The images of their gruesome deaths replayed in my head, causing a stupid tear to run down my cheek, only making more follow.


The exhaustion following shortly, tiring me out.










"What the hell is your deal?" I heard my sister question from the foot of my bed, waking me abruptly.



"WHY ARE YOU IN MY ROOM?!" I spat, my voice still shaking from my embarrassing crying.

"I thought that you'd be devising a plan to hurt Regina?" She said in a confused tone, her baby strapped to her chest while she stood impatiently.



"I already have a plan you half wit. Now you see, I don't just magically look like this by chance, I need my beauty sleep, so scram." I spat, wiping my nose that was running.


"What's wrong?" Zelena asked disregarding my request, I rolled my eyes and began to realize why Regina kicked her out.



"Nothing." I grumbled, pulling the blanket higher, wrapping it around myself to block out the pain that I was feeling.



"Bull shit." Zelena retaliated, annoying me further, but I remembered that I needed to remain composed if I was going to use her.



"I hate Regina. I hate that she split us. All of the grief that she felt, well she gets it mixed with the goodness mixed inside of her, I just get the grief along with the heartache of being bad. Both Daniel and Robin, that pain is fresh in my heart every day, and I will never get over it! So there is nothing that you can do, that ANYONE can do as a matter of fact! So don't try, don't try to give me any pep talks, or cheer me up, or anything! I am who I am, Regina gets the luxury of moving on, of having people help her, but by the time I'm done with that whore she will have no one and nothing but struggles and pain!" I vowed, glaring at the door before shooing her out of the room.
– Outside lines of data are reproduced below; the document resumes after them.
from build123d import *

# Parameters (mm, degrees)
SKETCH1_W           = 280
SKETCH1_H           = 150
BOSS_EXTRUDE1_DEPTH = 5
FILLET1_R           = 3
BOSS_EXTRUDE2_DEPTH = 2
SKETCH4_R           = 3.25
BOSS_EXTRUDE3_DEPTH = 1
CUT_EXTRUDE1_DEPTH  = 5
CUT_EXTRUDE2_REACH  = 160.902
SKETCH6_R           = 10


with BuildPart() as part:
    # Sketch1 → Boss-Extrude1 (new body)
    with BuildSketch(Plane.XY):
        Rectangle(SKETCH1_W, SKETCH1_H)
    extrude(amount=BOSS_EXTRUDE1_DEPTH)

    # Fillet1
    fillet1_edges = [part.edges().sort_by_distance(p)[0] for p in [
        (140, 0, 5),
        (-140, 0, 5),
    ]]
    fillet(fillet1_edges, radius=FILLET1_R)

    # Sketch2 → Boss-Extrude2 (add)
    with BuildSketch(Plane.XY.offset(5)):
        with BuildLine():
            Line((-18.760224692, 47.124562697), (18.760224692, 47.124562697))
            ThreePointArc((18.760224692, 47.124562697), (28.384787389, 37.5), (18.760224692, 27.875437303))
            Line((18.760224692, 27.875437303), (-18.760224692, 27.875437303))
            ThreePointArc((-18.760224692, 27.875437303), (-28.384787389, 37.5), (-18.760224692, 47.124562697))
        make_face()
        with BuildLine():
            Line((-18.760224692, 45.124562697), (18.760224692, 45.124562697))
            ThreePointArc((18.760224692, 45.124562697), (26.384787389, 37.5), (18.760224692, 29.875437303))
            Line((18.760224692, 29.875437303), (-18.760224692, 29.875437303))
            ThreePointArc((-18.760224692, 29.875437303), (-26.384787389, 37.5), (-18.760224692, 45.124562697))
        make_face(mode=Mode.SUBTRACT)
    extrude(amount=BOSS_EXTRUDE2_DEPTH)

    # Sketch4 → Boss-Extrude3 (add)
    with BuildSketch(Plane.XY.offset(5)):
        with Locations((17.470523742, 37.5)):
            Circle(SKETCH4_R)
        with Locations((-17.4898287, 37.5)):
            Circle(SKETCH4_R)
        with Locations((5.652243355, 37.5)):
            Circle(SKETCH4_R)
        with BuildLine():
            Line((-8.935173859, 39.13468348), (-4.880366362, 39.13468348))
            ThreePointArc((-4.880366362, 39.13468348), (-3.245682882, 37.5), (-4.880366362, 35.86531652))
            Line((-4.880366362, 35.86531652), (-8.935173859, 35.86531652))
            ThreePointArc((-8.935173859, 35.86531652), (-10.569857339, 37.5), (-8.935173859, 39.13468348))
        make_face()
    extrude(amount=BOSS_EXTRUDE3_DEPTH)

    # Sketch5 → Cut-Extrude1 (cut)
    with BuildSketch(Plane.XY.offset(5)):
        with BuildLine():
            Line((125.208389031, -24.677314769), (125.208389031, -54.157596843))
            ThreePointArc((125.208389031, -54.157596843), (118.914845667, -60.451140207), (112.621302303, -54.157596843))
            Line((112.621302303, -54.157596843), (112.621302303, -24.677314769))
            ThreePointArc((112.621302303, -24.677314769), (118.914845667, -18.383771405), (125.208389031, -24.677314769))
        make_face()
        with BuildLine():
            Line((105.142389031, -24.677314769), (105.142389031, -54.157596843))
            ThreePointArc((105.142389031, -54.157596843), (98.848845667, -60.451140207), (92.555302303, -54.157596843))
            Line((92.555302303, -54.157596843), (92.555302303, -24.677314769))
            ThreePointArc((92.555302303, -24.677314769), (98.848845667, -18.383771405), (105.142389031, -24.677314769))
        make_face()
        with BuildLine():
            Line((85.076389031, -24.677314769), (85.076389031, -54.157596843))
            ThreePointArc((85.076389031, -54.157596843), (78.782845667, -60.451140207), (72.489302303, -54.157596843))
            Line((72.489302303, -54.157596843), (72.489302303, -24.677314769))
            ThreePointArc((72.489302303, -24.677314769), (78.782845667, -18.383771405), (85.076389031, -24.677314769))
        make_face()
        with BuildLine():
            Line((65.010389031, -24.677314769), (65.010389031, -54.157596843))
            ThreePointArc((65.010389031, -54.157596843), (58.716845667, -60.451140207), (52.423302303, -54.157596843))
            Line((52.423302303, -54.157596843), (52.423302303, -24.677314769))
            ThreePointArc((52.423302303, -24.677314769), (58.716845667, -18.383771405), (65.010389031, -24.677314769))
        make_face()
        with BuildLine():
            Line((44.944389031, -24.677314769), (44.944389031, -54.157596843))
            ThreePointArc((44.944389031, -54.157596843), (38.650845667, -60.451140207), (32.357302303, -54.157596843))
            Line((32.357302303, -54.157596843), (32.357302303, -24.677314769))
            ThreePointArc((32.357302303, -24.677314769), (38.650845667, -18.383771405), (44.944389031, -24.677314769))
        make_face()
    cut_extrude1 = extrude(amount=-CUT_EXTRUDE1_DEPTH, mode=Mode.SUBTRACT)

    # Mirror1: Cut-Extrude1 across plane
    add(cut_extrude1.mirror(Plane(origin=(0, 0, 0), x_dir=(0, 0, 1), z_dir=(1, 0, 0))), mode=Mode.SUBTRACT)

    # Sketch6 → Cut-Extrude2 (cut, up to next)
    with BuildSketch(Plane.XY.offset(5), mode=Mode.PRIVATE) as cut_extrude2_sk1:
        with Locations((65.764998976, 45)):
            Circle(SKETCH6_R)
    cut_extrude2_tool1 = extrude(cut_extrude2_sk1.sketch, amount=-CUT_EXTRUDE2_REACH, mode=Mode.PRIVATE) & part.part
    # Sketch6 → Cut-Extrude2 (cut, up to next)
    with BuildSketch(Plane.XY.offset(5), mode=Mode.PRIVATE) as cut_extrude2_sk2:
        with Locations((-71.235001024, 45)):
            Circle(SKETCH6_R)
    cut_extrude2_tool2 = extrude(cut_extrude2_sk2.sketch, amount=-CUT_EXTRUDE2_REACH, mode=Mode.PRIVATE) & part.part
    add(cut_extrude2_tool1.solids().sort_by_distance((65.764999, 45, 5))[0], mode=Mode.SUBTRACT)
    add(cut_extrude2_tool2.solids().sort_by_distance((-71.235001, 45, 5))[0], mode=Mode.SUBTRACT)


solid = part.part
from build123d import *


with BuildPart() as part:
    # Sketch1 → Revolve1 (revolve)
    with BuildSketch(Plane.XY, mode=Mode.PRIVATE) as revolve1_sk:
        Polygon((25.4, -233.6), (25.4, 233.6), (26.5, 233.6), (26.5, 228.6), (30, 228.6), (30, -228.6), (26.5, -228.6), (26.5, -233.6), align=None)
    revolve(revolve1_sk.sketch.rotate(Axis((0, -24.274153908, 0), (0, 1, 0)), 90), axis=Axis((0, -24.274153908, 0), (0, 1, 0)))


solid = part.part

"Well what are you planning on doing?" She finally asked, I exhaled and slipped out of my bed, gripping my silk robe and tying it around myself.



"Follow me." I commanded, rushing out of my room, shoving the door open while I rushed into my vault of magic.




"What is this?" Zelena asked as I picked up the wooden carved box.




"All Regina wanted when she was with, well, Robin, you pulled a fast one and planted a seed of envy in her. She wants a child, but while she was with him, we couldn't have children, but now, I am going to hurt her in a way that is worse than anything you could possibly do." I shrilled, holding the box close to my chest.




"What the hell are you talking about? I already did the baby thing and believe me it wasn't all that it's cracked up to be! Regina didn't let me have an epidural, plus, she just got even more bossy and annoying." My sister whined, but I shook my head and pinched the bridge of my nose to avoid an outburst.




"Oh shut up you. Please, what you did was only a scratch on the surface compared to what I'm going to do. Inside this box I have a frozen fertilized egg, from Regina, when we split both of us got our fertility back, unbeknownst to her of course, now this embryo is the only product left of her and Robin, and I am going to put it inside of myself, and make her watch as I raise her child, the only spawn of her- well me and Robin." I shrilled, stroking the box lovingly before looking up at my sister who had a nervous look on her face.